■ TASK PROMPT: For the word "simhei", report how many lines of the records below contain it, and nothing more.

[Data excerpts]
■ ■ ■ ■
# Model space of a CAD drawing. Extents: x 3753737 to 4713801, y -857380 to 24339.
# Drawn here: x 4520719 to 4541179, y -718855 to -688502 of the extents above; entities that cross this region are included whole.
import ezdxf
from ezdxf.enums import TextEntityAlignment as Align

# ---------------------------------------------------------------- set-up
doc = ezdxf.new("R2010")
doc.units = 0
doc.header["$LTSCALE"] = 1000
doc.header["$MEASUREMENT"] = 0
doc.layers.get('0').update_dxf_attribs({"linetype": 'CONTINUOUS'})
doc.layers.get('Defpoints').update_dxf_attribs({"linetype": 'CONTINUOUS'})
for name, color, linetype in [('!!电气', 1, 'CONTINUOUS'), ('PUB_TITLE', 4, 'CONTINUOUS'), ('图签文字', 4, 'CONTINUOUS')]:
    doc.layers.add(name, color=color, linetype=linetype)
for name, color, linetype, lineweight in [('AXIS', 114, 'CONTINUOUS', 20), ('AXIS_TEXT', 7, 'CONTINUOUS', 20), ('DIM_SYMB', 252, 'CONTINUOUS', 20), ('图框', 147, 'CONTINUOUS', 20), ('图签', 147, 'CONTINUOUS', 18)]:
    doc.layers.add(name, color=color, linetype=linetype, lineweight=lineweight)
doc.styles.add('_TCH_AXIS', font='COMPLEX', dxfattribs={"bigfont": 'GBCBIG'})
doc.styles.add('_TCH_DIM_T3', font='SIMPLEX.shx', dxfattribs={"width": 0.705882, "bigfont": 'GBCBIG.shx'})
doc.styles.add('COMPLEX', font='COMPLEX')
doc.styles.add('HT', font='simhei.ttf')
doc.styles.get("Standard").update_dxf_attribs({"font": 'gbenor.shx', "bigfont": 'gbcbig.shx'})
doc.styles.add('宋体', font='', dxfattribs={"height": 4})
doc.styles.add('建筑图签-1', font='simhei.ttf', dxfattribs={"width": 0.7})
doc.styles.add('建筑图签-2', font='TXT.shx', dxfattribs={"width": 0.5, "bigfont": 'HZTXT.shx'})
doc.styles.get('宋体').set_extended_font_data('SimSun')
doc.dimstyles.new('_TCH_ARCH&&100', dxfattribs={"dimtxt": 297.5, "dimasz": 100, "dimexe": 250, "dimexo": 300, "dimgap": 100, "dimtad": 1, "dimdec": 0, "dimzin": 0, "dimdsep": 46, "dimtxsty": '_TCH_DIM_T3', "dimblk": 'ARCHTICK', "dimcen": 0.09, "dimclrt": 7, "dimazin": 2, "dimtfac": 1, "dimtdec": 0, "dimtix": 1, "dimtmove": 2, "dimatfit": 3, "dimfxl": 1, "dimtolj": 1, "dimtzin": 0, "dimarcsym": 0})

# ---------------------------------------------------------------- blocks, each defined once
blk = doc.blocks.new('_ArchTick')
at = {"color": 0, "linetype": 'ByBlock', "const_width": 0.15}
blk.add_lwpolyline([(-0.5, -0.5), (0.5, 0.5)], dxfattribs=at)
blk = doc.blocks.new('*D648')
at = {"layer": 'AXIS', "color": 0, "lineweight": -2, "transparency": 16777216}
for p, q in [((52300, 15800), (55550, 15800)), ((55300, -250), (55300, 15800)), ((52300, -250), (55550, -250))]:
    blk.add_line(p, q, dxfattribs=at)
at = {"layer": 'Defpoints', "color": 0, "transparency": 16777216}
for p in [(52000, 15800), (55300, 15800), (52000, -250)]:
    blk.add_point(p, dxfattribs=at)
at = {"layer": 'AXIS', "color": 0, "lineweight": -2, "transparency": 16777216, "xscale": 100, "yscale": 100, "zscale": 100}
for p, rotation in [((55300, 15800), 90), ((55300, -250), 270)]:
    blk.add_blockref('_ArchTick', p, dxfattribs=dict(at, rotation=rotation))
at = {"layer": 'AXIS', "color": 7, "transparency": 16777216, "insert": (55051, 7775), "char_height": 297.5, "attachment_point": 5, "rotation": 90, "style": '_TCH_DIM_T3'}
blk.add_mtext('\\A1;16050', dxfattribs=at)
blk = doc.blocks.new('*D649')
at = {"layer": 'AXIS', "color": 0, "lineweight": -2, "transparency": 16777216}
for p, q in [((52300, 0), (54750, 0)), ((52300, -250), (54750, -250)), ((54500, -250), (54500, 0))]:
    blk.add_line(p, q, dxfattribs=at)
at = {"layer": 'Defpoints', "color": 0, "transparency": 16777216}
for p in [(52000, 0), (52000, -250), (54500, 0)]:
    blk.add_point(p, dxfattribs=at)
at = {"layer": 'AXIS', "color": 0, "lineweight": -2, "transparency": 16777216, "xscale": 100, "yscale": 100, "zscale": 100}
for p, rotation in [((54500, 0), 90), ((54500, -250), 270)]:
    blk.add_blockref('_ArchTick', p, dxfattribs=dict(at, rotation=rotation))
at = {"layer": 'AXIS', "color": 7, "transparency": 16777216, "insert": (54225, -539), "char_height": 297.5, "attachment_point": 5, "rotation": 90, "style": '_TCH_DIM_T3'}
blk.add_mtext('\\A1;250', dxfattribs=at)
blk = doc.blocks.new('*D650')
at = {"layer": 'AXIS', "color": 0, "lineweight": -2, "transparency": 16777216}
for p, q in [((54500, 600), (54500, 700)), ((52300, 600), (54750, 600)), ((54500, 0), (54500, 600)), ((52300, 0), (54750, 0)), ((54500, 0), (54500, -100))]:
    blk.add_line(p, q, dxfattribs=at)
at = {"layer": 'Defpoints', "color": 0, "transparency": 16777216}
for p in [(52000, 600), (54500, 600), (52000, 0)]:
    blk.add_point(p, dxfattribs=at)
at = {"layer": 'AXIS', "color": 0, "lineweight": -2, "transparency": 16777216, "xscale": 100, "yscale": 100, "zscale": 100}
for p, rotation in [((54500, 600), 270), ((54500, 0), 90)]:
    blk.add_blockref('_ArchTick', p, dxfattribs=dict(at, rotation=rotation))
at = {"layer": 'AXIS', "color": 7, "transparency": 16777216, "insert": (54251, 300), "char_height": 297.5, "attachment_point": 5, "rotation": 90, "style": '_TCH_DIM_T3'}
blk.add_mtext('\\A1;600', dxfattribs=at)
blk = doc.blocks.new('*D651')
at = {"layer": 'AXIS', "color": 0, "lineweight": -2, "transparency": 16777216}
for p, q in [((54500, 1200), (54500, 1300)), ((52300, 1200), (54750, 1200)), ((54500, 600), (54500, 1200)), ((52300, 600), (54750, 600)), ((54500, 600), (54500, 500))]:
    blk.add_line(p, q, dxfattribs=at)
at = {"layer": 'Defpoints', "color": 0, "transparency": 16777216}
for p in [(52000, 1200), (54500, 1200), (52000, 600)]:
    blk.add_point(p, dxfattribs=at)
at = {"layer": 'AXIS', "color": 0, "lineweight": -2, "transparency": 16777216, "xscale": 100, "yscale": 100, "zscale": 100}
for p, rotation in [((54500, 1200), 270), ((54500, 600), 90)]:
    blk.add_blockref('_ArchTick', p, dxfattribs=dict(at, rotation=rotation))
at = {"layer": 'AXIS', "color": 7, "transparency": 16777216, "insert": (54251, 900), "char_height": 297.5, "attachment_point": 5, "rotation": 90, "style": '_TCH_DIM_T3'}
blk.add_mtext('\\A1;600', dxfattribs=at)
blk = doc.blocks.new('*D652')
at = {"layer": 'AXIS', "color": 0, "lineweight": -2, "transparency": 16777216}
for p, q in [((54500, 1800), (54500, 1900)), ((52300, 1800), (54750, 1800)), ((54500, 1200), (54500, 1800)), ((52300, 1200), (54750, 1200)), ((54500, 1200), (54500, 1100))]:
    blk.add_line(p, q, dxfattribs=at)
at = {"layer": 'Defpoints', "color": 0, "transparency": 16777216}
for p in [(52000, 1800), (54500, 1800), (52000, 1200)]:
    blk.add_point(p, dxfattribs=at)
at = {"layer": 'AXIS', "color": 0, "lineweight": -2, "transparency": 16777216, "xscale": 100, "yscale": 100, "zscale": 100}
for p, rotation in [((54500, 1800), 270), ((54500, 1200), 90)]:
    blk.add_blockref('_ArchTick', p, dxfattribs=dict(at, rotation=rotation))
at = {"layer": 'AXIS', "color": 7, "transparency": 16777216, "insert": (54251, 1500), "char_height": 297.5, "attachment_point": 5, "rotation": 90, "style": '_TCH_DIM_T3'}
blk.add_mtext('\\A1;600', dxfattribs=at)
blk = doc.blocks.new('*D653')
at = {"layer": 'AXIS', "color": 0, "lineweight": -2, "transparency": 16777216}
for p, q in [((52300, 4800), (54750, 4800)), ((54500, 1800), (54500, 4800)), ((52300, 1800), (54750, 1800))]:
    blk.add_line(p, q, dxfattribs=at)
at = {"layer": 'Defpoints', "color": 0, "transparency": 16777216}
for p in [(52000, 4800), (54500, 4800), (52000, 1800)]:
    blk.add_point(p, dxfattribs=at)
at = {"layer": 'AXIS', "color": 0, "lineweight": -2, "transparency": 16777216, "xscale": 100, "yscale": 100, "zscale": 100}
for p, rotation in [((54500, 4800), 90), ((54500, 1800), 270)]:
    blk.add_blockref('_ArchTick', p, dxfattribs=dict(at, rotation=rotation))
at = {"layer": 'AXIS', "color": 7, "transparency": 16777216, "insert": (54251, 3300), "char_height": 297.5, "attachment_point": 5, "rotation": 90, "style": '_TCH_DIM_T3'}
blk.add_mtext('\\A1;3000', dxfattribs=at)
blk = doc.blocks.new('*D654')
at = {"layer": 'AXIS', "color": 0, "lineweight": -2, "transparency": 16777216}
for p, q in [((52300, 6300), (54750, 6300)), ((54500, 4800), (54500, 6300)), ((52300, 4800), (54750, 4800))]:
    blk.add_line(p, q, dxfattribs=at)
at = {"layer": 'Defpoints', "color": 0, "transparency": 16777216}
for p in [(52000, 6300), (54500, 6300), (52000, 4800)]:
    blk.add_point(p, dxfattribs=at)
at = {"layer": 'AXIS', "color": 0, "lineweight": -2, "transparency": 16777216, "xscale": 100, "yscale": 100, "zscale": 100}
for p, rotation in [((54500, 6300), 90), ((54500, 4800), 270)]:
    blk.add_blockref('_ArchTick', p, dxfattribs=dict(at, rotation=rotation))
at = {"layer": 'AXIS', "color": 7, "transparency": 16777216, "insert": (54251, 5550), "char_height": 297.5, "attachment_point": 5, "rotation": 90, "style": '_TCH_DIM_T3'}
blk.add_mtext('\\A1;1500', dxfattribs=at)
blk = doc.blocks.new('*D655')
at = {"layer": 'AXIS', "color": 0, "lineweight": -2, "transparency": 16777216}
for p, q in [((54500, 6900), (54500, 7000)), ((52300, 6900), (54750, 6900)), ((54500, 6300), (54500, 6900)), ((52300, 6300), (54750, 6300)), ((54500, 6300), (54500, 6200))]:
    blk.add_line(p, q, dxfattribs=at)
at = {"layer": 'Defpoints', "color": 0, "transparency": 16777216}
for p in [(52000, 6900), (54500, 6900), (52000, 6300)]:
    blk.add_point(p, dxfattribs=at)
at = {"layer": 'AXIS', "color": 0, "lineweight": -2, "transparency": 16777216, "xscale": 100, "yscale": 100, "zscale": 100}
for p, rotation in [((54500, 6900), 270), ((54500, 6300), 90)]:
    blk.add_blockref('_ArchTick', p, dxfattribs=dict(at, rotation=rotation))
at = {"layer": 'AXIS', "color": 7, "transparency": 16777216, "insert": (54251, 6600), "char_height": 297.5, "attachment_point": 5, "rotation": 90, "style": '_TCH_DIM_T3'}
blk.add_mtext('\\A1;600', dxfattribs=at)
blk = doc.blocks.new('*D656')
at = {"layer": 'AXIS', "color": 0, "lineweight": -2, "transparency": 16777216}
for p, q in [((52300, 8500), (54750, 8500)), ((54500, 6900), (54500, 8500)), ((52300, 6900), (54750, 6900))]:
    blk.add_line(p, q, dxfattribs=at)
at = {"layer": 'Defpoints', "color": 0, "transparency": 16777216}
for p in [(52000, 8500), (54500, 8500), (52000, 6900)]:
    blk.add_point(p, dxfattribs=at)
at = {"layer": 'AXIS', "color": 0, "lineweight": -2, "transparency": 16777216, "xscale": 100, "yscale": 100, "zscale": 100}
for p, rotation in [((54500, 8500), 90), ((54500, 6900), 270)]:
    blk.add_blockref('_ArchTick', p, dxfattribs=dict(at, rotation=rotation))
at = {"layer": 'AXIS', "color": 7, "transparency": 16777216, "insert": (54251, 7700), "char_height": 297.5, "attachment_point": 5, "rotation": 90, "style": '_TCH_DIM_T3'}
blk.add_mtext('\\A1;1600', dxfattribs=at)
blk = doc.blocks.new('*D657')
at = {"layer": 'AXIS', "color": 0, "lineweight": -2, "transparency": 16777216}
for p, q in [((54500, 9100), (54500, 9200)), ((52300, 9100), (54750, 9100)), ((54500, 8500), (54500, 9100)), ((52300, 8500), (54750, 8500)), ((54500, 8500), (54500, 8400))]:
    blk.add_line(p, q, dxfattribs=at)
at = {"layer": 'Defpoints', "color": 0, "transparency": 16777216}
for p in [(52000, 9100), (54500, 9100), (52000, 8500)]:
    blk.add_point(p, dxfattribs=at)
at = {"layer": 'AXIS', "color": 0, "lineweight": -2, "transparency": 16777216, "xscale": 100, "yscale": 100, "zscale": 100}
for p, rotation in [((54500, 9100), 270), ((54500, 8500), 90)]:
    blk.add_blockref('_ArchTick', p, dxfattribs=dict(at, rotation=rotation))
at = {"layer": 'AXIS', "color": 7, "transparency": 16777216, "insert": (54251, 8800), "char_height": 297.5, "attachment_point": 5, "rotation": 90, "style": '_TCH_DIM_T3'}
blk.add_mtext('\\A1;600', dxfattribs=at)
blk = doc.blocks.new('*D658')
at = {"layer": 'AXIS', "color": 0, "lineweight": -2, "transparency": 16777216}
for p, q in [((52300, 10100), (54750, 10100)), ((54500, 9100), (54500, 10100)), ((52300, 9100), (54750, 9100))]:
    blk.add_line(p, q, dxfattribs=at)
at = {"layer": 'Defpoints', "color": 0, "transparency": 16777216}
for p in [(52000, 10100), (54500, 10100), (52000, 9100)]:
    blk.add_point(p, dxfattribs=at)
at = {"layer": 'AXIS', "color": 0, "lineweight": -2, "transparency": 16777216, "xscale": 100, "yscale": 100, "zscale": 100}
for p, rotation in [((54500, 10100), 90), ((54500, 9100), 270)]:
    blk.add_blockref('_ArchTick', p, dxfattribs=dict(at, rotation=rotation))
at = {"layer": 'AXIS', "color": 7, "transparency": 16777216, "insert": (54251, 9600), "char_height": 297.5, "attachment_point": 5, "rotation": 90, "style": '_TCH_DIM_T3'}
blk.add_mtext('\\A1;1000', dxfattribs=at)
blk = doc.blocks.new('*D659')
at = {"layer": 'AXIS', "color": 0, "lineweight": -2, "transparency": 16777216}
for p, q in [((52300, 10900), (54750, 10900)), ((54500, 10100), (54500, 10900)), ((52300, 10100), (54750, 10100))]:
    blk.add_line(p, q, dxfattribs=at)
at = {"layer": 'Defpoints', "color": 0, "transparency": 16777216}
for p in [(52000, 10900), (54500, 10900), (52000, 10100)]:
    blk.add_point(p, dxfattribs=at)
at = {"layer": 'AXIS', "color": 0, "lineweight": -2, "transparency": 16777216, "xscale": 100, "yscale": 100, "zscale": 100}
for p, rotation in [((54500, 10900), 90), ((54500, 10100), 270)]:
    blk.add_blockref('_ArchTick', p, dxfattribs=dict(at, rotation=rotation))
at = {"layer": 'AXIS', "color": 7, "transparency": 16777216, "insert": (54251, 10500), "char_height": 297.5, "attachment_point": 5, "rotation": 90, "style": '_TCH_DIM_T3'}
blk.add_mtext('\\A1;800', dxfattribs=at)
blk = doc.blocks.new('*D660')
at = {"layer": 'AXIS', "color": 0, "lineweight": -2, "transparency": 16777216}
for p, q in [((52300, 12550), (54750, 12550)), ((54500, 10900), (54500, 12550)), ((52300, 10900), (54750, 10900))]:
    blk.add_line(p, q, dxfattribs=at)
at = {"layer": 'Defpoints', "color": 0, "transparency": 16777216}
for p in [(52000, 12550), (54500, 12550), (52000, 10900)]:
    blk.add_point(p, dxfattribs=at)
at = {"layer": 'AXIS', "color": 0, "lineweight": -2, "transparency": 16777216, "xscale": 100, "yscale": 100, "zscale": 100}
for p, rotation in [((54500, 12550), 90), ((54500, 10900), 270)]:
■ ■ ■ ■
■ OUTPUT: 2